Seit der Verkehr mit Tempo 100 lautlos an Güterfelde vorbeirauscht, können viele Stahnsdorfer nicht mehr ruhig schlafen. Während die Güterfelder gut geschützt vorm Lärm hinter einer Lärmschutzwand wohnen, bekommen die Stahnsdorfer die volle Dröhnung ab. Der Protest ist mittlerweile so groß, dass sich das Rathaus zum Handeln gezwungen sieht. Eine Anwaltskanzlei soll die alten Baupläne und Lärmprognosen für die neue Schnellstraße zwischen Potsdam und dem BER mit dem tatsächlichen Lärm in den Wohnsiedlungen vergleichen. Das sagte der Stahnsdorfer Bürgermeister Bernd Albers (BfB) den PNN. Ziel sei es, das Land zum Bau weiterer Lärmschutzwände zu zwingen.
„Ich habe auch Ohren“, so Albers. Der Lärm in den Siedlungen habe seit der Eröffnung der Straße deutlich zugenommen. Er geht fest davon aus, dass die Messwerte die Prognosen von einst übertreffen. Das Rathaus will gerichtsfeste Zahlen – für den Fall, dass das Land weitere Schutzmaßnahmen ablehnt.
Genau davon sei derzeit auszugehen, sagte indes Lothar Wiegand, Sprecher des brandenburgischen Verkehrsministeriums. Stahnsdorf habe den gesetzlich vorgeschriebenen Lärmschutz erhalten. Der Planfeststellungsbeschluss zum Bau der neuen Landesstraße sei vor Jahren gerichtlich bestätigt worden, damit auch die zum Teil nur einseitigen Lärmschutzwände. „Wir haben rein rechtlich keine Möglichkeit, für mehr Schutz zu sorgen“, sagte Wiegand.

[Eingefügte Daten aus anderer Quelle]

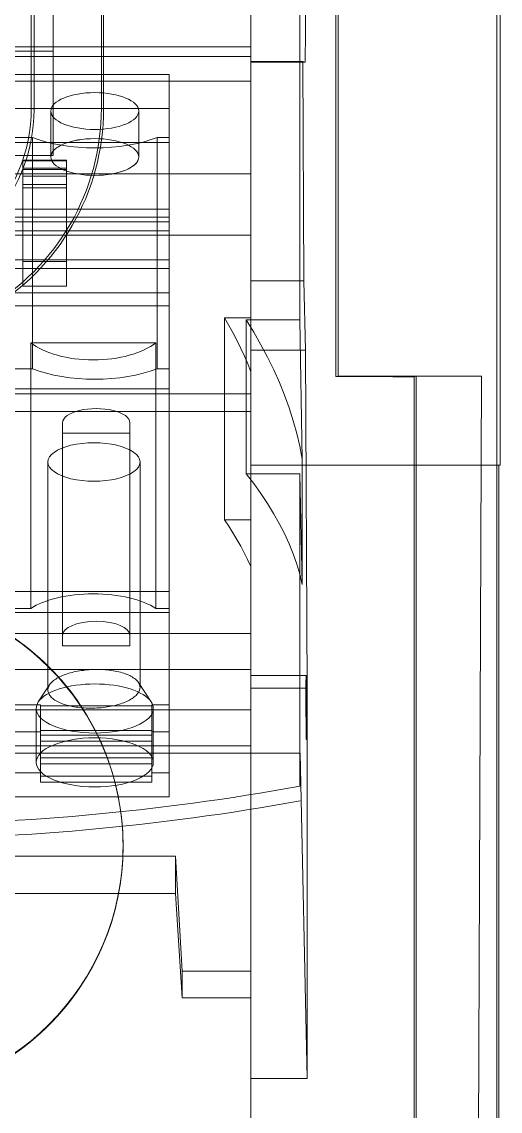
# Model space of a CAD drawing. Header units: millimetres. Extents: x 37984 to 70752, y 14140 to 37584.
# Drawn here: x 45880.82 to 45897.16, y 28279.69 to 28316.89 of the extents above; entities that cross this region are included whole.
import ezdxf

# ---------------------------------------------------------------- set-up
doc = ezdxf.new("R2010")
doc.units = ezdxf.units.MM
doc.set_wipeout_variables(frame=1)
doc.layers.add('! NO PLOT !', color=7, linetype='Continuous', true_color=0xff75dd, plot=False)
doc.layers.add('000-PI-Oprema', color=30, linetype='Continuous', lineweight=5)
doc.layers.add('004-PI-DIN Šina', color=3, linetype='Continuous')

# ---------------------------------------------------------------- blocks, each defined once
blk = doc.blocks.new('spojnica')
at = {"layer": '! NO PLOT !', "transparency": 33554687}
blk.add_line((44861.495, 28809.404), (44861.495, 26919.404), dxfattribs=at)
blk = doc.blocks.new('montažnaa')
at = {"layer": '! NO PLOT !'}
blk.add_line((46568.64, 28809.404), (46568.64, 26919.404), dxfattribs=at)
blk = doc.blocks.new('DELTA IP 30 - 47506030')
blk.add_wipeout([(47259.125, 28642.892), (47320.16, 28642.779), (47320.16, 28587.934), (47259.125, 28587.933)]).dxf.layer = '000-PI-Oprema'
at = {"layer": '000-PI-Oprema'}
for p, q in [((47259.125, 28642.892), (47276.621, 28642.892)), ((47259.125, 28642.777), (47320.16, 28642.779)), ((47276.621, 28642.892), (47276.621, 28636.256)), ((47276.621, 28642.843), (47320.16, 28642.844)), ((47273.581, 28639.824), (47273.591, 28642.251)), ((47309.383, 28642.114), (47273.591, 28642.251)), ((47273.591, 28640.016), (47273.591, 28642.251)), ((47273.581, 28637.362), (47273.581, 28639.824)), ((47273.591, 28640.016), (47273.604, 28639.955)), ((47309.383, 28640.016), (47273.591, 28640.016)), ((47273.604, 28639.955), (47273.604, 28639.224)), ((47309.334, 28639.953), (47273.604, 28639.955)), ((47273.6, 28637.276), (47273.6, 28639.224)), ((47259.125, 28637.362), (47273.581, 28637.362)), ((47259.125, 28637.277), (47273.6, 28637.276)), ((47273.6, 28637.276), (47273.581, 28637.362)), ((47262.865, 28636.224), (47262.843, 28636.152)), ((47262.843, 28636.152), (47270.333, 28636.19)), ((47262.843, 28634.374), (47262.843, 28636.152)), ((47262.865, 28636.212), (47262.865, 28636.224)), ((47262.865, 28636.224), (47262.865, 28636.152)), ((47262.865, 28636.2), (47262.865, 28636.212)), ((47262.865, 28636.188), (47262.865, 28636.2)), ((47262.865, 28636.176), (47262.865, 28636.188)), ((47262.865, 28636.164), (47262.865, 28636.176)), ((47262.865, 28636.152), (47262.865, 28636.164)), ((47262.865, 28635.856), (47262.865, 28636.152)), ((47262.865, 28636.152), (47262.865, 28634.374)), ((47270.333, 28636.19), (47272.704, 28636.236)), ((47270.333, 28634.374), (47270.333, 28636.19)), ((47276.418, 28636.133), (47271.668, 28636.044)), ((47284.246, 28636.295), (47272.704, 28636.236)), ((47272.704, 28636.236), (47272.704, 28634.374)), ((47275.981, 28636.047), (47276.418, 28636.133)), ((47276.418, 28636.133), (47277.03, 28636.133)), ((47276.621, 28636.256), (47276.621, 28634.374)), ((47276.919, 28636.044), (47280.701, 28636.133)), ((47277.03, 28636.133), (47277.641, 28636.133)), ((47277.641, 28636.133), (47278.253, 28636.133)), ((47278.253, 28636.133), (47278.865, 28636.133)), ((47278.865, 28636.133), (47279.477, 28636.133)), ((47279.477, 28636.133), (47280.089, 28636.133)), ((47280.089, 28636.133), (47280.701, 28636.133)), ((47280.701, 28636.133), (47280.353, 28636.047)), ((47283.809, 28636.262), (47283.809, 28634.374)), ((47297.578, 28636.295), (47284.246, 28636.295)), ((47284.246, 28634.374), (47284.246, 28636.295)), ((47286.463, 28636.054), (47297.578, 28636.295)), ((47297.578, 28634.374), (47297.578, 28636.295)), ((47255.943, 28636.044), (47271.668, 28636.044)), ((47262.865, 28635.559), (47262.865, 28635.856)), ((47271.668, 28634.215), (47271.668, 28636.044)), ((47274.671, 28635.681), (47275.107, 28635.821)), ((47275.107, 28635.821), (47275.544, 28635.943)), ((47275.544, 28635.943), (47275.981, 28636.047)), ((47276.919, 28636.044), (47287.595, 28636.044)), ((47276.919, 28634.211), (47276.919, 28636.044)), ((47279.658, 28635.821), (47279.31, 28635.68)), ((47280.005, 28635.943), (47279.658, 28635.821)), ((47280.353, 28636.047), (47280.005, 28635.943)), ((47286.463, 28636.054), (47286.463, 28606.643)), ((47262.865, 28635.263), (47262.865, 28635.559)), ((47273.37, 28635.156), (47273.802, 28635.349)), ((47273.802, 28635.349), (47274.236, 28635.524)), ((47274.236, 28635.524), (47274.671, 28635.681)), ((47278.618, 28635.347), (47278.274, 28635.154)), ((47278.964, 28635.523), (47278.618, 28635.347)), ((47279.31, 28635.68), (47278.964, 28635.523)), ((47262.865, 28634.967), (47262.865, 28635.263)), ((47262.865, 28634.67), (47262.865, 28634.967)), ((47272.94, 28634.946), (47273.37, 28635.156)), ((47278.274, 28635.154), (47277.932, 28634.944)), ((47262.865, 28634.374), (47262.865, 28634.67)), ((47272.089, 28634.476), (47272.513, 28634.72)), ((47272.513, 28634.72), (47272.94, 28634.946)), ((47277.592, 28634.716), (47277.254, 28634.472)), ((47277.932, 28634.944), (47277.592, 28634.716)), ((47255.922, 28634.374), (47262.335, 28634.374)), ((47255.922, 28634.374), (47262.335, 28634.374)), ((47262.335, 28634.374), (47271.59, 28634.374)), ((47262.335, 28608.374), (47262.335, 28634.374)), ((47262.672, 28634.374), (47262.672, 28608.374)), ((47263.51, 28608.374), (47263.51, 28634.374)), ((47263.51, 28634.374), (47268.776, 28634.374)), ((47266.672, 28608.374), (47266.672, 28634.374)), ((47268.776, 28634.374), (47274.19, 28634.374)), ((47268.776, 28608.374), (47268.776, 28634.374)), ((47271.59, 28634.374), (47271.854, 28634.374)), ((47271.59, 28634.374), (47271.59, 28634.245)), ((47271.59, 28634.245), (47271.59, 28634.117)), ((47271.668, 28634.215), (47272.089, 28634.476)), ((47271.668, 28634.215), (47272.418, 28634.215)), ((47271.854, 28634.374), (47272.118, 28634.374)), ((47272.118, 28634.374), (47272.381, 28634.374)), ((47272.381, 28634.374), (47272.645, 28634.374)), ((47272.418, 28634.215), (47273.168, 28634.214)), ((47272.645, 28634.374), (47272.909, 28634.374)), ((47272.905, 28634.153), (47273.17, 28634.267)), ((47272.909, 28634.374), (47273.172, 28634.374)), ((47273.17, 28634.267), (47273.436, 28634.374)), ((47273.172, 28634.374), (47273.436, 28634.374)), ((47274.278, 28634.374), (47273.436, 28634.374)), ((47274.19, 28608.374), (47274.19, 28634.374)), ((47274.19, 28634.374), (47278.49, 28634.374)), ((47275.121, 28634.374), (47274.278, 28634.374)), ((47274.796, 28634.374), (47274.796, 28608.374)), ((47275.963, 28634.374), (47275.121, 28634.374)), ((47276.805, 28634.374), (47275.963, 28634.374)), ((47276.621, 28634.374), (47276.621, 28634.374)), ((47277.647, 28634.374), (47276.805, 28634.374)), ((47277.254, 28634.472), (47276.919, 28634.211)), ((47278.49, 28634.374), (47277.647, 28634.374)), ((47278.49, 28634.374), (47284.982, 28634.374)), ((47278.49, 28634.245), (47278.49, 28634.374)), ((47278.49, 28634.116), (47278.49, 28634.245)), ((47279.853, 28634.266), (47279.624, 28634.151)), ((47280.082, 28634.374), (47279.853, 28634.266)), ((47280.082, 28634.374), (47282.378, 28634.374)), ((47282.378, 28634.374), (47294.824, 28634.374)), ((47282.378, 28608.374), (47282.378, 28634.374)), ((47283.601, 28634.374), (47283.601, 28608.374)), ((47284.982, 28634.374), (47293.903, 28634.374)), ((47284.982, 28608.374), (47284.982, 28634.374)), ((47286.216, 28608.374), (47286.216, 28634.374)), ((47294.824, 28634.374), (47293.903, 28634.374)), ((47293.903, 28634.374), (47293.903, 28632.031)), ((47294.846, 28634.374), (47294.824, 28634.374)), ((47294.824, 28634.374), (47294.824, 28632.031)), ((47294.846, 28634.374), (47299.106, 28634.374)), ((47271.59, 28634.117), (47271.59, 28633.989)), ((47271.59, 28633.989), (47271.59, 28633.861)), ((47271.59, 28633.861), (47271.59, 28633.732)), ((47272.114, 28633.768), (47272.377, 28633.903)), ((47272.377, 28633.903), (47272.641, 28634.031)), ((47272.641, 28634.031), (47272.905, 28634.153)), ((47273.168, 28634.214), (47273.918, 28634.213)), ((47273.918, 28634.213), (47274.668, 28634.213)), ((47274.668, 28634.213), (47275.418, 28634.212)), ((47275.418, 28634.212), (47276.169, 28634.211)), ((47276.169, 28634.211), (47276.919, 28634.211)), ((47278.49, 28633.987), (47278.49, 28634.116)), ((47278.49, 28633.858), (47278.49, 28633.987)), ((47278.49, 28633.729), (47278.49, 28633.858)), ((47279.168, 28633.9), (47278.941, 28633.764)), ((47279.396, 28634.03), (47279.168, 28633.9)), ((47279.624, 28634.151), (47279.396, 28634.03)), ((47271.59, 28633.732), (47271.59, 28633.604)), ((47271.59, 28633.476), (47271.852, 28633.625)), ((47271.59, 28633.604), (47271.59, 28633.476)), ((47272.555, 28633.475), (47271.59, 28633.476)), ((47271.852, 28633.625), (47272.114, 28633.768)), ((47273.519, 28633.474), (47272.555, 28633.475)), ((47274.484, 28633.474), (47273.519, 28633.474)), ((47275.448, 28633.473), (47274.484, 28633.474)), ((47276.413, 28633.472), (47275.448, 28633.473)), ((47277.377, 28633.471), (47276.413, 28633.472)), ((47278.342, 28633.471), (47277.377, 28633.471)), ((47278.363, 28633.471), (47278.342, 28633.471)), ((47278.384, 28633.471), (47278.363, 28633.471)), ((47278.405, 28633.471), (47278.384, 28633.471)), ((47278.426, 28633.471), (47278.405, 28633.471)), ((47278.447, 28633.471), (47278.426, 28633.471)), ((47278.469, 28633.471), (47278.447, 28633.471)), ((47278.49, 28633.471), (47278.469, 28633.471)), ((47278.49, 28633.6), (47278.49, 28633.729)), ((47278.715, 28633.621), (47278.49, 28633.471)), ((47278.49, 28633.471), (47278.49, 28633.6)), ((47278.941, 28633.764), (47278.715, 28633.621)), ((47293.903, 28632.031), (47289.985, 28631.799)), ((47294.824, 28632.031), (47291.257, 28631.799)), ((47293.903, 28632.031), (47294.824, 28632.031)), ((47289.985, 28631.799), (47289.985, 28610.899)), ((47291.257, 28631.799), (47289.985, 28631.799)), ((47291.257, 28631.799), (47291.257, 28610.899)), ((47263.286, 28631.584), (47263.286, 28611.264)), ((47263.286, 28631.584), (47268.314, 28631.584)), ((47263.286, 28631.584), (47263.286, 28611.264)), ((47271.185, 28631.584), (47263.286, 28631.584)), ((47269.615, 28631.584), (47264.439, 28631.584)), ((47264.439, 28631.584), (47264.439, 28611.264)), ((47265.432, 28631.171), (47265.432, 28631.584)), ((47265.432, 28631.171), (47265.432, 28631.584)), ((47265.61, 28611.264), (47265.61, 28631.584)), ((47267.888, 28611.264), (47267.888, 28631.584)), ((47268.159, 28631.584), (47268.159, 28611.264)), ((47268.314, 28631.584), (47280.937, 28631.584)), ((47268.314, 28631.584), (47268.314, 28611.264)), ((47268.627, 28631.584), (47268.627, 28611.264)), ((47269.615, 28611.264), (47269.615, 28631.584)), ((47269.913, 28631.584), (47269.913, 28611.264)), ((47270.745, 28631.584), (47270.745, 28611.264)), ((47271.185, 28611.264), (47271.185, 28631.584)), ((47271.185, 28611.264), (47271.185, 28631.584)), ((47273.331, 28631.584), (47273.331, 28631.171)), ((47273.331, 28631.584), (47273.331, 28631.171)), ((47274.015, 28611.264), (47274.015, 28631.584)), ((47280.937, 28611.264), (47280.937, 28631.584)), ((47281.664, 28631.584), (47280.937, 28631.584)), ((47281.524, 28631.128), (47281.524, 28631.584)), ((47281.664, 28631.584), (47284.807, 28631.584)), ((47281.664, 28631.584), (47281.664, 28611.264)), ((47284.807, 28631.584), (47284.807, 28630.994)), ((47284.807, 28631.584), (47286.215, 28631.584)), ((47285.73, 28630.994), (47285.73, 28631.584)), ((47286.215, 28631.584), (47287.137, 28631.584)), ((47286.215, 28630.994), (47286.215, 28631.584)), ((47287.137, 28631.584), (47287.951, 28631.584)), ((47287.137, 28631.584), (47287.137, 28630.994)), ((47287.951, 28611.264), (47287.951, 28631.584)), ((47265.432, 28631.171), (47273.331, 28631.171)), ((47273.331, 28631.171), (47265.432, 28631.171)), ((47272.445, 28626.859), (47272.445, 28631.128)), ((47272.445, 28631.128), (47281.524, 28631.128)), ((47284.713, 28630.971), (47284.05, 28630.534)), ((47284.807, 28630.994), (47286.215, 28630.994)), ((47284.849, 28630.994), (47284.849, 28627.194)), ((47284.936, 28631.044), (47286.777, 28631.044)), ((47285.688, 28627.194), (47285.688, 28630.994)), ((47285.845, 28630.994), (47286.501, 28630.994)), ((47285.845, 28630.994), (47285.845, 28627.194)), ((47286.054, 28630.994), (47286.054, 28627.194)), ((47286.257, 28630.994), (47286.215, 28630.994)), ((47286.62, 28630.994), (47286.257, 28630.994)), ((47286.829, 28630.994), (47286.62, 28630.994)), ((47286.62, 28630.994), (47286.62, 28627.194)), ((47286.85, 28630.994), (47286.829, 28630.994)), ((47286.829, 28630.994), (47286.829, 28627.194)), ((47286.85, 28630.994), (47287.095, 28630.994)), ((47287.248, 28630.994), (47286.85, 28630.994)), ((47287.458, 28630.994), (47287.248, 28630.994)), ((47287.248, 28630.994), (47287.248, 28627.194)), ((47287.458, 28630.994), (47287.458, 28627.194)), ((47266.101, 28630.544), (47264.531, 28630.544)), ((47266.101, 28630.544), (47264.531, 28630.544)), ((47284.221, 28630.589), (47276.518, 28630.589)), ((47284.019, 28630.511), (47283.991, 28630.487)), ((47284.047, 28630.532), (47284.019, 28630.511)), ((47284.075, 28630.549), (47284.047, 28630.532)), ((47284.104, 28630.563), (47284.075, 28630.549)), ((47284.133, 28630.574), (47284.104, 28630.563)), ((47284.162, 28630.582), (47284.133, 28630.574)), ((47284.191, 28630.587), (47284.162, 28630.582)), ((47284.221, 28630.589), (47284.191, 28630.587)), ((47284.251, 28630.587), (47284.221, 28630.589)), ((47284.281, 28630.582), (47284.251, 28630.587)), ((47284.312, 28630.574), (47284.281, 28630.582)), ((47284.342, 28630.562), (47284.312, 28630.574)), ((47284.371, 28630.548), (47284.342, 28630.562)), ((47284.401, 28630.53), (47284.371, 28630.548)), ((47284.43, 28630.509), (47284.401, 28630.53)), ((47284.459, 28630.485), (47284.43, 28630.509)), ((47282.439, 28630.244), (47275.176, 28630.244)), ((47275.532, 28630.244), (47275.532, 28627.944)), ((47282.795, 28630.244), (47282.439, 28630.244)), ((47282.795, 28627.944), (47282.795, 28630.244)), ((47283.773, 28630.141), (47283.753, 28630.089)), ((47283.793, 28630.19), (47283.773, 28630.141)), ((47283.815, 28630.236), (47283.793, 28630.19)), ((47283.838, 28630.281), (47283.815, 28630.236)), ((47283.861, 28630.322), (47283.838, 28630.281)), ((47283.886, 28630.361), (47283.861, 28630.322)), ((47283.911, 28630.397), (47283.886, 28630.361)), ((47283.937, 28630.43), (47283.911, 28630.397)), ((47283.963, 28630.46), (47283.937, 28630.43)), ((47283.991, 28630.487), (47283.963, 28630.46)), ((47284.488, 28630.457), (47284.459, 28630.485)), ((47284.516, 28630.427), (47284.488, 28630.457)), ((47284.544, 28630.394), (47284.516, 28630.427)), ((47284.571, 28630.358), (47284.544, 28630.394)), ((47284.597, 28630.319), (47284.571, 28630.358)), ((47284.623, 28630.278), (47284.597, 28630.319)), ((47284.648, 28630.234), (47284.623, 28630.278)), ((47284.672, 28630.187), (47284.648, 28630.234)), ((47284.695, 28630.138), (47284.672, 28630.187)), ((47284.718, 28630.086), (47284.695, 28630.138)), ((47283.671, 28629.8), (47283.659, 28629.736)), ((47283.685, 28629.861), (47283.671, 28629.8)), ((47283.701, 28629.921), (47283.685, 28629.861)), ((47283.717, 28629.979), (47283.701, 28629.921)), ((47283.734, 28630.035), (47283.717, 28629.979)), ((47283.753, 28630.089), (47283.734, 28630.035)), ((47284.739, 28630.032), (47284.718, 28630.086)), ((47284.76, 28629.977), (47284.739, 28630.032)), ((47284.779, 28629.919), (47284.76, 28629.977)), ((47284.798, 28629.859), (47284.779, 28629.919)), ((47284.815, 28629.798), (47284.798, 28629.859)), ((47284.831, 28629.735), (47284.815, 28629.798)), ((47289.641, 28630.009), (47289.621, 28630.009)), ((47289.641, 28630.009), (47289.621, 28630.009)), ((47283.615, 28629.4), (47283.61, 28629.329)), ((47283.621, 28629.469), (47283.615, 28629.4)), ((47283.628, 28629.538), (47283.621, 28629.469)), ((47283.637, 28629.606), (47283.628, 28629.538)), ((47283.647, 28629.672), (47283.637, 28629.606)), ((47283.659, 28629.736), (47283.647, 28629.672)), ((47284.846, 28629.67), (47284.831, 28629.735)), ((47284.86, 28629.604), (47284.846, 28629.67)), ((47284.872, 28629.537), (47284.86, 28629.604)), ((47284.883, 28629.468), (47284.872, 28629.537)), ((47284.893, 28629.399), (47284.883, 28629.468)), ((47284.902, 28629.329), (47284.893, 28629.399)), ((47264.454, 28629.344), (47259.125, 28629.343)), ((47264.438, 28629.269), (47259.125, 28629.268)), ((47264.454, 28629.344), (47264.438, 28629.269)), ((47283.605, 28629.187), (47283.604, 28629.116)), ((47283.604, 28629.116), (47283.605, 28629.044)), ((47283.607, 28629.259), (47283.605, 28629.187)), ((47283.605, 28629.044), (47283.607, 28628.977)), ((47283.61, 28629.329), (47283.607, 28629.259)), ((47284.909, 28629.258), (47284.902, 28629.329)), ((47284.915, 28629.187), (47284.909, 28629.258)), ((47284.92, 28629.115), (47284.915, 28629.187)), ((47284.923, 28629.044), (47284.92, 28629.115)), ((47284.925, 28628.97), (47284.923, 28629.044)), ((47283.607, 28628.977), (47283.61, 28628.909)), ((47283.61, 28628.909), (47283.614, 28628.843)), ((47283.614, 28628.843), (47283.62, 28628.776)), ((47283.62, 28628.776), (47283.626, 28628.71)), ((47283.626, 28628.71), (47283.634, 28628.645)), ((47283.634, 28628.645), (47283.643, 28628.581)), ((47284.912, 28628.608), (47284.918, 28628.68)), ((47284.918, 28628.68), (47284.921, 28628.752)), ((47284.921, 28628.752), (47284.924, 28628.824)), ((47284.924, 28628.824), (47284.925, 28628.897)), ((47284.925, 28628.897), (47284.925, 28628.97)), ((47283.643, 28628.581), (47283.653, 28628.517)), ((47283.653, 28628.517), (47283.665, 28628.454)), ((47283.665, 28628.454), (47283.677, 28628.391)), ((47283.677, 28628.391), (47283.69, 28628.33)), ((47283.69, 28628.33), (47283.705, 28628.271)), ((47283.705, 28628.271), (47283.72, 28628.213)), ((47284.851, 28628.204), (47284.865, 28628.268)), ((47284.865, 28628.268), (47284.877, 28628.333)), ((47284.877, 28628.333), (47284.888, 28628.4)), ((47284.888, 28628.4), (47284.897, 28628.468)), ((47284.897, 28628.468), (47284.905, 28628.538)), ((47284.905, 28628.538), (47284.912, 28628.608)), ((47266.21, 28628.084), (47266.229, 28628.084)), ((47266.21, 28628.084), (47266.21, 28626.584)), ((47266.761, 28628.084), (47266.229, 28628.084)), ((47266.229, 28628.084), (47266.229, 28626.584)), ((47266.48, 28626.584), (47266.48, 28628.084)), ((47266.529, 28628.084), (47266.529, 28626.584)), ((47269.665, 28628.084), (47266.761, 28628.084)), ((47266.761, 28626.584), (47266.761, 28628.084)), ((47267.044, 28626.584), (47267.044, 28628.084)), ((47267.155, 28626.584), (47267.155, 28628.084)), ((47269.665, 28628.084), (47269.665, 28626.584)), ((47269.665, 28628.084), (47270.515, 28628.084)), ((47270.515, 28626.584), (47270.515, 28628.084)), ((47275.176, 28627.944), (47282.439, 28627.944)), ((47282.795, 28627.944), (47282.439, 28627.944)), ((47283.72, 28628.213), (47283.736, 28628.156)), ((47283.736, 28628.156), (47283.754, 28628.1)), ((47283.754, 28628.1), (47283.772, 28628.046)), ((47283.772, 28628.046), (47283.792, 28627.994)), ((47283.792, 28627.994), (47283.812, 28627.944)), ((47283.812, 28627.944), (47283.834, 28627.893)), ((47283.834, 28627.893), (47283.857, 28627.844)), ((47284.744, 28627.863), (47284.765, 28627.915)), ((47284.765, 28627.915), (47284.785, 28627.968)), ((47284.785, 28627.968), (47284.803, 28628.024)), ((47284.803, 28628.024), (47284.82, 28628.082)), ((47284.82, 28628.082), (47284.836, 28628.142)), ((47284.836, 28628.142), (47284.851, 28628.204)), ((47252.497, 28627.624), (47266.052, 28627.624)), ((47262.489, 28627.624), (47262.489, 28615.124)), ((47266.101, 28627.544), (47264.531, 28627.544)), ((47266.101, 28627.544), (47264.531, 28627.544)), ((47266.052, 28615.124), (47266.052, 28627.624)), ((47283.857, 28627.844), (47283.881, 28627.798)), ((47283.881, 28627.798), (47283.906, 28627.754)), ((47283.906, 28627.754), (47283.932, 28627.712)), ((47283.932, 28627.712), (47283.958, 28627.674)), ((47283.958, 28627.674), (47283.985, 28627.638)), ((47283.985, 28627.638), (47284.012, 28627.605)), ((47284.012, 28627.605), (47284.04, 28627.575)), ((47284.04, 28627.575), (47284.068, 28627.548)), ((47284.068, 28627.548), (47284.097, 28627.524)), ((47284.097, 28627.524), (47284.127, 28627.503)), ((47284.488, 28627.505), (47284.517, 28627.527)), ((47284.517, 28627.527), (47284.545, 28627.552)), ((47284.545, 28627.552), (47284.573, 28627.581)), ((47284.573, 28627.581), (47284.6, 28627.612)), ((47284.6, 28627.612), (47284.626, 28627.647)), ((47284.626, 28627.647), (47284.651, 28627.684)), ((47284.651, 28627.684), (47284.676, 28627.725)), ((47284.676, 28627.725), (47284.7, 28627.768)), ((47284.7, 28627.768), (47284.723, 28627.815)), ((47284.723, 28627.815), (47284.744, 28627.863)), ((47276.518, 28627.444), (47284.307, 28627.444)), ((47284.127, 28627.503), (47284.156, 28627.485)), ((47284.127, 28627.503), (47284.713, 28627.116)), ((47284.156, 28627.485), (47284.186, 28627.47)), ((47284.186, 28627.47), (47284.217, 28627.459)), ((47284.217, 28627.459), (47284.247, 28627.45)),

Selbst wenn es das Land wollte, könnte es nicht ohne Weiteres Geld dafür ausgeben. Einem Gerichtsverfahren rechnet der Sprecher kaum Chancen aus – sogar dann, wenn die Messungen tatsächlich über den Lärmprognosen liegen. Die könne man nicht miteinander vergleichen, da es sich bei den Prognosen im Gegensatz zu den Messungen um Durchschnittswerte handele. „Sich einmal mit dem Mikro auf den Acker stellen, das funktioniert nicht“, so Wiegand.
Trotzdem wollen die Stahnsdorfer nicht klein beigeben. „Wir müssen als Bürger dagegen vorgehen“, sagt Brigitte Kutsch. Die Frau eines Dachdeckers hat ihre Nachbarn mobilisiert – so wie vor 20 Jahren, als es noch um die Baupläne der Güterfelder Ortsumgehung ging. Damals kämpfte sie um eine alternative Streckenführung, weit weg vom Stahnsdorfer Süden. Vergeblich. „Den Lärm kriegen wir jetzt nie wieder ganz weg“, sagt Kutsch. Aber mindern will sie ihn, vielleicht auch durch ein strengeres Tempolimit.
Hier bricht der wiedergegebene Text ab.